• [EXERCISE OBJECTIVE]: Output only the lines below from the one containing "#23957 = EDGE_CURVE" to the one containing "#44446 = CIRCLE ( 'NONE', #44874, 0.015 ) ;", exactly as written, both ends kept.

• [SUPPLIED RECORDS]:
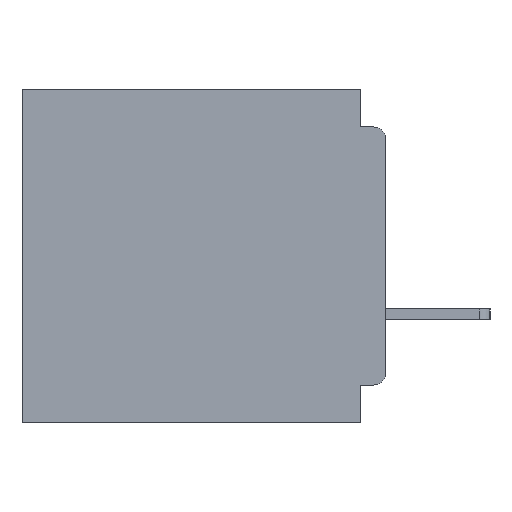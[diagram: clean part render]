
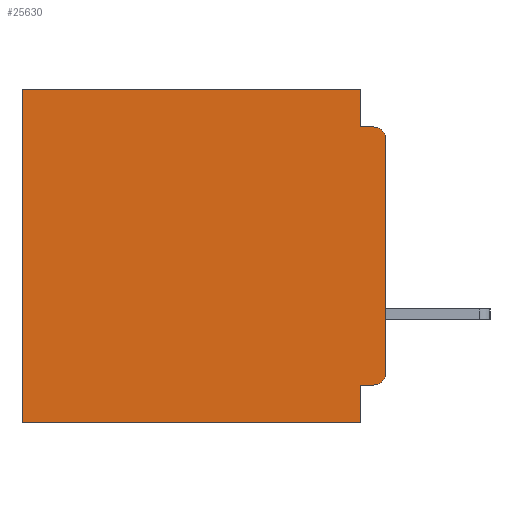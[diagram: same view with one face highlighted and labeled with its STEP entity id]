
A CAD part, left-side view. The second image highlights one B-rep face of the part: STEP entity #25630.
In plain terms, the highlighted planar face has unit normal (-1, 0, 0).
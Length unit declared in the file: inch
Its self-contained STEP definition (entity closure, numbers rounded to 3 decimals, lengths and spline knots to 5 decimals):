
#261 = DIRECTION ( 'NONE',  ( -1., 0., 0. ) ) ;
#727 = VECTOR ( 'NONE', #5699, 39.37008 ) ;
#2024 = CARTESIAN_POINT ( 'NONE',  ( 0.3, 0.031, 0. ) ) ;
#4849 = CARTESIAN_POINT ( 'NONE',  ( 0.3, 0.015, -0.34 ) ) ;
#5170 = CARTESIAN_POINT ( 'NONE',  ( 0.3, 0., -0.4 ) ) ;
#5313 = DIRECTION ( 'NONE',  ( 0., 1., 0. ) ) ;
#5486 = CARTESIAN_POINT ( 'NONE',  ( 0.3, 0.031, -0.045 ) ) ;
#5625 = AXIS2_PLACEMENT_3D ( 'NONE', #4849, #30434, #8516 ) ;
#5699 = DIRECTION ( 'NONE',  ( 0., 0., -1. ) ) ;
#6891 = CARTESIAN_POINT ( 'NONE',  ( 0.3, 0., -0.34 ) ) ;
#7434 = DIRECTION ( 'NONE',  ( 0., 0., -1. ) ) ;
#8516 = DIRECTION ( 'NONE',  ( 0., 0., -1. ) ) ;
#8584 = LINE ( 'NONE', #36938, #36608 ) ;
#8841 = DIRECTION ( 'NONE',  ( 0., 1., 0. ) ) ;
#9497 = CARTESIAN_POINT ( 'NONE',  ( 0.3, 0., -0.045 ) ) ;
#9518 = LINE ( 'NONE', #29513, #26691 ) ;
#9565 = ORIENTED_EDGE ( 'NONE', *, *, #35017, .F. ) ;
#12536 = EDGE_CURVE ( 'NONE', #22166, #20053, #44446, .T. ) ;
#13230 = CARTESIAN_POINT ( 'NONE',  ( 0.3, 0.031, -0.355 ) ) ;
#13544 = EDGE_CURVE ( 'NONE', #28920, #14314, #19349, .T. ) ;
#14314 = VERTEX_POINT ( 'NONE', #33686 ) ;
#14745 = EDGE_CURVE ( 'NONE', #22166, #15230, #9518, .T. ) ;
#15230 = VERTEX_POINT ( 'NONE', #6891 ) ;
#15783 = ORIENTED_EDGE ( 'NONE', *, *, #38805, .T. ) ;
#16427 = EDGE_CURVE ( 'NONE', #26718, #42000, #29936, .T. ) ;
#16810 = VECTOR ( 'NONE', #8841, 39.37008 ) ;
#16818 = DIRECTION ( 'NONE',  ( 0., -1., 0. ) ) ;
#17165 = AXIS2_PLACEMENT_3D ( 'NONE', #36470, #40099, #18248 ) ;
#18248 = DIRECTION ( 'NONE',  ( 0., 0., -1. ) ) ;
#18356 = EDGE_CURVE ( 'NONE', #22987, #15230, #38384, .T. ) ;
#18718 = DIRECTION ( 'NONE',  ( 0., 0., -1. ) ) ;
#19349 = LINE ( 'NONE', #21735, #27987 ) ;
#19505 = VERTEX_POINT ( 'NONE', #40474 ) ;
#19780 = ORIENTED_EDGE ( 'NONE', *, *, #16427, .F. ) ;
#19815 = EDGE_LOOP ( 'NONE', ( #38655, #27816, #32346, #19780, #15783, #37526, #28969, #38108, #9565, #34768 ) ) ;
#20053 = VERTEX_POINT ( 'NONE', #21761 ) ;
#20313 = CARTESIAN_POINT ( 'NONE',  ( 0.3, 0., -0.06 ) ) ;
#21469 = VECTOR ( 'NONE', #5313, 39.37008 ) ;
#21735 = CARTESIAN_POINT ( 'NONE',  ( 0.3, 0.031, -0.4 ) ) ;
#21761 = CARTESIAN_POINT ( 'NONE',  ( 0.3, 0.015, -0.045 ) ) ;
#22166 = VERTEX_POINT ( 'NONE', #20313 ) ;
#22175 = CARTESIAN_POINT ( 'NONE',  ( 0.3, 0.015, -0.06 ) ) ;
#22987 = VERTEX_POINT ( 'NONE', #40164 ) ;
#23189 = VERTEX_POINT ( 'NONE', #26811 ) ;
#23957 = EDGE_CURVE ( 'NONE', #19505, #23189, #8584, .T. ) ;
#25207 = LINE ( 'NONE', #26643, #43328 ) ;
#25630 = ADVANCED_FACE ( 'NONE', ( #39822 ), #32793, .F. ) ;
#25892 = DIRECTION ( 'NONE',  ( 0., 0., -1. ) ) ;
#26643 = CARTESIAN_POINT ( 'NONE',  ( 0.3, 0., 0. ) ) ;
#26691 = VECTOR ( 'NONE', #7434, 39.37008 ) ;
#26718 = VERTEX_POINT ( 'NONE', #46970 ) ;
#26811 = CARTESIAN_POINT ( 'NONE',  ( 0.3, 0.437, -0.4 ) ) ;
#27239 = CARTESIAN_POINT ( 'NONE',  ( 0.3, 0., -0.355 ) ) ;
#27816 = ORIENTED_EDGE ( 'NONE', *, *, #12536, .T. ) ;
#27987 = VECTOR ( 'NONE', #43491, 39.37008 ) ;
#28920 = VERTEX_POINT ( 'NONE', #13230 ) ;
#28969 = ORIENTED_EDGE ( 'NONE', *, *, #44340, .F. ) ;
#29513 = CARTESIAN_POINT ( 'NONE',  ( 0.3, 0., -0.4 ) ) ;
#29936 = LINE ( 'NONE', #2024, #727 ) ;
#30315 = DIRECTION ( 'NONE',  ( 0., 1., 0. ) ) ;
#30434 = DIRECTION ( 'NONE',  ( -1., 0., 0. ) ) ;
#32346 = ORIENTED_EDGE ( 'NONE', *, *, #36533, .F. ) ;
#32793 = PLANE ( 'NONE',  #17165 ) ;
#33686 = CARTESIAN_POINT ( 'NONE',  ( 0.3, 0.031, -0.4 ) ) ;
#34768 = ORIENTED_EDGE ( 'NONE', *, *, #18356, .T. ) ;
#35017 = EDGE_CURVE ( 'NONE', #22987, #28920, #40866, .T. ) ;
#36470 = CARTESIAN_POINT ( 'NONE',  ( 0.3, 0., -0.4 ) ) ;
#36533 = EDGE_CURVE ( 'NONE', #42000, #20053, #46229, .T. ) ;
#36608 = VECTOR ( 'NONE', #18718, 39.37008 ) ;
#36769 = VECTOR ( 'NONE', #16818, 39.37008 ) ;
#36938 = CARTESIAN_POINT ( 'NONE',  ( 0.3, 0.437, -0.4 ) ) ;
#37526 = ORIENTED_EDGE ( 'NONE', *, *, #23957, .T. ) ;
#38108 = ORIENTED_EDGE ( 'NONE', *, *, #13544, .F. ) ;
#38384 = CIRCLE ( 'NONE', #5625, 0.015 ) ;
#38655 = ORIENTED_EDGE ( 'NONE', *, *, #14745, .F. ) ;
#38805 = EDGE_CURVE ( 'NONE', #26718, #19505, #25207, .T. ) ;
#39822 = FACE_OUTER_BOUND ( 'NONE', #19815, .T. ) ;
#40099 = DIRECTION ( 'NONE',  ( 1., 0., 0. ) ) ;
#40164 = CARTESIAN_POINT ( 'NONE',  ( 0.3, 0.015, -0.355 ) ) ;
#40474 = CARTESIAN_POINT ( 'NONE',  ( 0.3, 0.437, 0. ) ) ;
#40866 = LINE ( 'NONE', #27239, #21469 ) ;
#42000 = VERTEX_POINT ( 'NONE', #5486 ) ;
#43328 = VECTOR ( 'NONE', #30315, 39.37008 ) ;
#43491 = DIRECTION ( 'NONE',  ( 0., 0., -1. ) ) ;
#44340 = EDGE_CURVE ( 'NONE', #14314, #23189, #45743, .T. ) ;
#44446 = CIRCLE ( 'NONE', #44874, 0.015 ) ;
#44874 = AXIS2_PLACEMENT_3D ( 'NONE', #22175, #261, #25892 ) ;
#45743 = LINE ( 'NONE', #5170, #16810 ) ;
#46229 = LINE ( 'NONE', #9497, #36769 ) ;
#46970 = CARTESIAN_POINT ( 'NONE',  ( 0.3, 0.031, 0. ) ) ;

• [RESPONSE TO THIS TASK]:
#23957 = EDGE_CURVE ( 'NONE', #19505, #23189, #8584, .T. ) ;
#25207 = LINE ( 'NONE', #26643, #43328 ) ;
#25630 = ADVANCED_FACE ( 'NONE', ( #39822 ), #32793, .F. ) ;
#25892 = DIRECTION ( 'NONE',  ( 0., 0., -1. ) ) ;
#26643 = CARTESIAN_POINT ( 'NONE',  ( 0.3, 0., 0. ) ) ;
#26691 = VECTOR ( 'NONE', #7434, 39.37008 ) ;
#26718 = VERTEX_POINT ( 'NONE', #46970 ) ;
#26811 = CARTESIAN_POINT ( 'NONE',  ( 0.3, 0.437, -0.4 ) ) ;
#27239 = CARTESIAN_POINT ( 'NONE',  ( 0.3, 0., -0.355 ) ) ;
#27816 = ORIENTED_EDGE ( 'NONE', *, *, #12536, .T. ) ;
#27987 = VECTOR ( 'NONE', #43491, 39.37008 ) ;
#28920 = VERTEX_POINT ( 'NONE', #13230 ) ;
#28969 = ORIENTED_EDGE ( 'NONE', *, *, #44340, .F. ) ;
#29513 = CARTESIAN_POINT ( 'NONE',  ( 0.3, 0., -0.4 ) ) ;
#29936 = LINE ( 'NONE', #2024, #727 ) ;
#30315 = DIRECTION ( 'NONE',  ( 0., 1., 0. ) ) ;
#30434 = DIRECTION ( 'NONE',  ( -1., 0., 0. ) ) ;
#32346 = ORIENTED_EDGE ( 'NONE', *, *, #36533, .F. ) ;
#32793 = PLANE ( 'NONE',  #17165 ) ;
#33686 = CARTESIAN_POINT ( 'NONE',  ( 0.3, 0.031, -0.4 ) ) ;
#34768 = ORIENTED_EDGE ( 'NONE', *, *, #18356, .T. ) ;
#35017 = EDGE_CURVE ( 'NONE', #22987, #28920, #40866, .T. ) ;
#36470 = CARTESIAN_POINT ( 'NONE',  ( 0.3, 0., -0.4 ) ) ;
#36533 = EDGE_CURVE ( 'NONE', #42000, #20053, #46229, .T. ) ;
#36608 = VECTOR ( 'NONE', #18718, 39.37008 ) ;
#36769 = VECTOR ( 'NONE', #16818, 39.37008 ) ;
#36938 = CARTESIAN_POINT ( 'NONE',  ( 0.3, 0.437, -0.4 ) ) ;
#37526 = ORIENTED_EDGE ( 'NONE', *, *, #23957, .T. ) ;
#38108 = ORIENTED_EDGE ( 'NONE', *, *, #13544, .F. ) ;
#38384 = CIRCLE ( 'NONE', #5625, 0.015 ) ;
#38655 = ORIENTED_EDGE ( 'NONE', *, *, #14745, .F. ) ;
#38805 = EDGE_CURVE ( 'NONE', #26718, #19505, #25207, .T. ) ;
#39822 = FACE_OUTER_BOUND ( 'NONE', #19815, .T. ) ;
#40099 = DIRECTION ( 'NONE',  ( 1., 0., 0. ) ) ;
#40164 = CARTESIAN_POINT ( 'NONE',  ( 0.3, 0.015, -0.355 ) ) ;
#40474 = CARTESIAN_POINT ( 'NONE',  ( 0.3, 0.437, 0. ) ) ;
#40866 = LINE ( 'NONE', #27239, #21469 ) ;
#42000 = VERTEX_POINT ( 'NONE', #5486 ) ;
#43328 = VECTOR ( 'NONE', #30315, 39.37008 ) ;
#43491 = DIRECTION ( 'NONE',  ( 0., 0., -1. ) ) ;
#44340 = EDGE_CURVE ( 'NONE', #14314, #23189, #45743, .T. ) ;
#44446 = CIRCLE ( 'NONE', #44874, 0.015 ) ;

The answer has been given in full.